De volgende dag komen de detectives Jansen en Janssen langs bij Kuifje. Ze vertellen dat er nog meer leden van de expeditie getroffen zijn door dezelfde vreemde ziekte: drie van hen zijn, een voor een, in een onverklaarbaar soort coma geraakt. Bij elk slachtoffer werden wat kristallen scherfjes gevonden. Een van de expeditieleden, Max Wulp, herinnert zich een verhaal van een dronken oude indiaan en waarschuwt zijn medeleden weg te blijven bij de ramen, alvorens zelf ook slachtoffer te worden. Ook professor Kwartier[noten 3] wordt voortijdig aangevallen.
Politiebewaking wordt nu ingezet, maar in hun onhandigheid verknoeien Jansen en Janssen de bewaking van professor Horn, die ook geveld wordt. De laatste is professor Hippolytus Bergamot, die de mummie van de Inca Rascar Capac, de grote vondst van de expeditie, in huis heeft. Bergamot is tevens een oude vriend van professor Zonnebloem, zodat ze gemakkelijk bij hem kunnen worden geïntroduceerd. Het drietal wordt gedwongen om de nacht in Bergamots villa door te brengen als twee banden van Haddocks auto springen. Dezelfde avond komt er een bolbliksem door de schoorsteen die inslaat op de mummie, die daarop verdampt. Bergamot is hierdoor compleet van zijn stuk gebracht, hij herinnert zich een profetie dat Rascar Capac "één zou worden met het hemelvuur en de heiligschenners zal straffen".

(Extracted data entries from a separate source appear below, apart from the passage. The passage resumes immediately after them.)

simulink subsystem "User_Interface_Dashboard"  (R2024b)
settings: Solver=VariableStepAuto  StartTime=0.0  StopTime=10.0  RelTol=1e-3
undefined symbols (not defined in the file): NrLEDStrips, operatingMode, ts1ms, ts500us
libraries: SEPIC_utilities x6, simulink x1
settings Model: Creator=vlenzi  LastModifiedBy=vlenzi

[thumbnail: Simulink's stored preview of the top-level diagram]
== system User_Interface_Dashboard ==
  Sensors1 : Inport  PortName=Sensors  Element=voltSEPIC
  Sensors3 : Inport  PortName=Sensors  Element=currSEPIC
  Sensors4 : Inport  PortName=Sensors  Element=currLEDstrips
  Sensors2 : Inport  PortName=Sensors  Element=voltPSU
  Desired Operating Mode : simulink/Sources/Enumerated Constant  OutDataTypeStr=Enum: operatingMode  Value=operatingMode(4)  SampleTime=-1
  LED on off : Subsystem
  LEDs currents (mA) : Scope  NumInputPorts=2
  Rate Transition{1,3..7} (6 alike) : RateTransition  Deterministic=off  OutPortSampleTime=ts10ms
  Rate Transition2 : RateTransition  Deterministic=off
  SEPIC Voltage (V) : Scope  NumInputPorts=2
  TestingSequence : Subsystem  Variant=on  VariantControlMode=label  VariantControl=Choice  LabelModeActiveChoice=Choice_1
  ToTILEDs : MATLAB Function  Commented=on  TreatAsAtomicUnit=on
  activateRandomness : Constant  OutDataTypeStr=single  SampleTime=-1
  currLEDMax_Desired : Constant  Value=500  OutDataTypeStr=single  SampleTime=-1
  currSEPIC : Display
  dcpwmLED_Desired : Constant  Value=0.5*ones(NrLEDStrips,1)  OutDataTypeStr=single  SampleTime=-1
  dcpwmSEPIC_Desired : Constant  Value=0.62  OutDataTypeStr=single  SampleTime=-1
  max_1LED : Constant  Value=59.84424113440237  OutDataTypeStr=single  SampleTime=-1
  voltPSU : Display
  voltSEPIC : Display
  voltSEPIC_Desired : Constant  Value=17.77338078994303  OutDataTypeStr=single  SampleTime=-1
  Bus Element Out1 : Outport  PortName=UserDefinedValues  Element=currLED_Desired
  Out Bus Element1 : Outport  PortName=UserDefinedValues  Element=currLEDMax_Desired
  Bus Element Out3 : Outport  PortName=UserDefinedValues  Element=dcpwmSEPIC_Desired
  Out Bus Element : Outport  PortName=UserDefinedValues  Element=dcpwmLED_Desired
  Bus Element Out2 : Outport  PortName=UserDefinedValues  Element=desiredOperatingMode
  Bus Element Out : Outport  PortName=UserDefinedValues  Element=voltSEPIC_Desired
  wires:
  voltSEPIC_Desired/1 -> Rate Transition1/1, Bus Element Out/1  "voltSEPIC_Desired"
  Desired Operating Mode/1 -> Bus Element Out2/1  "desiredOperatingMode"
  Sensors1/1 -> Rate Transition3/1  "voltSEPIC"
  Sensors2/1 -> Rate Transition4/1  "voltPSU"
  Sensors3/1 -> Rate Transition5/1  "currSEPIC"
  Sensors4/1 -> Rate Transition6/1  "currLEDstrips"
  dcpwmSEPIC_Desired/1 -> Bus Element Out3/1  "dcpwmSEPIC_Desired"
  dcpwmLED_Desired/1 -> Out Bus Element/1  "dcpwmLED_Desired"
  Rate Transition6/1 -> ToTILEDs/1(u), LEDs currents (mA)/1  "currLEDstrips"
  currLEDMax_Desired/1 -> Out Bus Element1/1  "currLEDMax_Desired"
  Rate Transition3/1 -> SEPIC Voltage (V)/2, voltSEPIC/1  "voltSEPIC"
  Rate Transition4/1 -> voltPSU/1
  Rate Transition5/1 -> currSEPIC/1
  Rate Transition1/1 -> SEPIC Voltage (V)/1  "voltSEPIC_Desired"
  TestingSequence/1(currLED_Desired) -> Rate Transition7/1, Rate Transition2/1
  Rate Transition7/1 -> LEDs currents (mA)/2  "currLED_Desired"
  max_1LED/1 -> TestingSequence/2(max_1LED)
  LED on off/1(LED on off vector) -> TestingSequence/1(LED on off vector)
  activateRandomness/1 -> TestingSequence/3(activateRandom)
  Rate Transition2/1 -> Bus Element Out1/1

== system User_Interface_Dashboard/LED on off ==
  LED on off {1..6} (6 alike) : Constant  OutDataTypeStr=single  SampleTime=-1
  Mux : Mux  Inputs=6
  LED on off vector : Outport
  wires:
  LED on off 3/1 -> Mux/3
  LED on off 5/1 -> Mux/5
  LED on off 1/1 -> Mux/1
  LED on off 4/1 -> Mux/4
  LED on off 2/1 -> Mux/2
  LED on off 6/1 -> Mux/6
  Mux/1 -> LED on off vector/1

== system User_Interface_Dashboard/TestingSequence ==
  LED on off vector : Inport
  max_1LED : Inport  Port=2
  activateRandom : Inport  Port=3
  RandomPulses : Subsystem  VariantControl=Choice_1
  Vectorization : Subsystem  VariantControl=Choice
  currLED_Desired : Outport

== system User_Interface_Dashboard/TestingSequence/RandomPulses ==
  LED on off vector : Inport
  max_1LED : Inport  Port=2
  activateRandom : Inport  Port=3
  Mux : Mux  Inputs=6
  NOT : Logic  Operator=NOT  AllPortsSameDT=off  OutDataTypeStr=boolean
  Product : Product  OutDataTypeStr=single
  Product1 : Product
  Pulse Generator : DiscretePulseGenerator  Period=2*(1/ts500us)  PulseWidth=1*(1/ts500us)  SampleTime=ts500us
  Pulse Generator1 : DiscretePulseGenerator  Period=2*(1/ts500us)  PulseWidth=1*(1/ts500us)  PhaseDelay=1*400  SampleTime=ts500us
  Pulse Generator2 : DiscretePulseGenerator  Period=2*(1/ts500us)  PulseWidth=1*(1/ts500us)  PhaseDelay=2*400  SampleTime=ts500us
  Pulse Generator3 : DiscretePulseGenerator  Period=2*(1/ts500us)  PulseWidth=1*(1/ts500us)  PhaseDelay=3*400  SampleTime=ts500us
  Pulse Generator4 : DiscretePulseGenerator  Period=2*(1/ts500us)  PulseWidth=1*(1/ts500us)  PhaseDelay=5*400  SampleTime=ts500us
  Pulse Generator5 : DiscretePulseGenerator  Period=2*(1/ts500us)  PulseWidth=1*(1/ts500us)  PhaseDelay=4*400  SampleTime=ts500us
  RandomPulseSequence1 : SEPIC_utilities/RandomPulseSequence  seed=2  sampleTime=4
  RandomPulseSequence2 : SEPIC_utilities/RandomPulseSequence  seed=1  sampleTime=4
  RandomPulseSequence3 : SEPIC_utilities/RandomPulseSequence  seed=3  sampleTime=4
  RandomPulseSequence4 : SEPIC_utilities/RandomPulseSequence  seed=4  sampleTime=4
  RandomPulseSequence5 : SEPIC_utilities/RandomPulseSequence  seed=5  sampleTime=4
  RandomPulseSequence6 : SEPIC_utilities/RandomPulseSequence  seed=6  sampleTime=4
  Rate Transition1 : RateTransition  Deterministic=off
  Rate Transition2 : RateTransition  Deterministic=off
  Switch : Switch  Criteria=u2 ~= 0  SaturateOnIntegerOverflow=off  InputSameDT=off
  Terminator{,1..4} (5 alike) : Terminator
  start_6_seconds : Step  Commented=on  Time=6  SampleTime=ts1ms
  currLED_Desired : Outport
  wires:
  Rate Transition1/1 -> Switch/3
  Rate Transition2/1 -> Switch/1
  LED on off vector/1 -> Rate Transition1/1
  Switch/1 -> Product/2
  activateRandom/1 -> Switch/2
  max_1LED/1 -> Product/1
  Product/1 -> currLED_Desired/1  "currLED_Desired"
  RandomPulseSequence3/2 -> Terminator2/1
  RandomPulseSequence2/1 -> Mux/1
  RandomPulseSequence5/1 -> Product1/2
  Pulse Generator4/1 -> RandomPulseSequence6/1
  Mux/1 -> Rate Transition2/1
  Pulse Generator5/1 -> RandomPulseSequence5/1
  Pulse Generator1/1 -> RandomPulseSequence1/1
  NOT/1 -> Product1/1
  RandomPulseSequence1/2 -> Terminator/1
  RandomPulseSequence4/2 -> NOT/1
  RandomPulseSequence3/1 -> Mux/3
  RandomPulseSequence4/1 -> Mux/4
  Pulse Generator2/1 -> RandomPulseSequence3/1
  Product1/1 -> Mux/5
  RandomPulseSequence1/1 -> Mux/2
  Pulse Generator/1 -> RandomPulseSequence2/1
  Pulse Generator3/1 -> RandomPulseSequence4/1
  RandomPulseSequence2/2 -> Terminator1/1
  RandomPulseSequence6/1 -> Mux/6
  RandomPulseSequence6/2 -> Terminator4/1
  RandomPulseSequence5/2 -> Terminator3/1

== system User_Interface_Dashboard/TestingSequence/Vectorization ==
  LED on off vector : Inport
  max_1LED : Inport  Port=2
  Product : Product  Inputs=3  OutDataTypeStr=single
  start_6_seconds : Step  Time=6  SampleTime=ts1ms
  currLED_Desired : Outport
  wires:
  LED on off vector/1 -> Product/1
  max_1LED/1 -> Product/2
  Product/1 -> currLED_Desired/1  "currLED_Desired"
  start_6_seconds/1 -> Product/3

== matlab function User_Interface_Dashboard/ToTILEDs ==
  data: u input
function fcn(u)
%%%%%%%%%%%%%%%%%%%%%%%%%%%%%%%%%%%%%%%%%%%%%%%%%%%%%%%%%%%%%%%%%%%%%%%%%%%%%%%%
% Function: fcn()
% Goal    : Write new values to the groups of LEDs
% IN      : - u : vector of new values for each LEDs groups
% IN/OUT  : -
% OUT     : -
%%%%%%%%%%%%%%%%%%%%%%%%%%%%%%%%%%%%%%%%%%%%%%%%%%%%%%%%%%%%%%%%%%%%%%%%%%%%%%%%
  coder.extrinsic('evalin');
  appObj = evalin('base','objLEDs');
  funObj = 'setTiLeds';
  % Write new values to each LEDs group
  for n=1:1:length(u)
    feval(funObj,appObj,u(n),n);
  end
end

Die nacht krijgen Kuifje, Haddock en Zonnebloem tegelijkertijd dezelfde droom, waarin Rascar Capac hun kamer binnendringt en een kristallen bol die hij in zijn handen heeft aan scherven gooit. Als ze wakker worden blijkt Bergamot als laatste van de zeven geleerden in de vreemde coma te zijn gebracht; naast zijn bed liggen weer de beruchte kristalscherven. De aanvaller was via de schoorsteen binnengedrongen en heeft de juwelen van Rascar Capac meegenomen. De politiemannen die het huis bewaken, schieten op de vluchtende man en raken hem, maar kunnen hem uiteindelijk niet vinden.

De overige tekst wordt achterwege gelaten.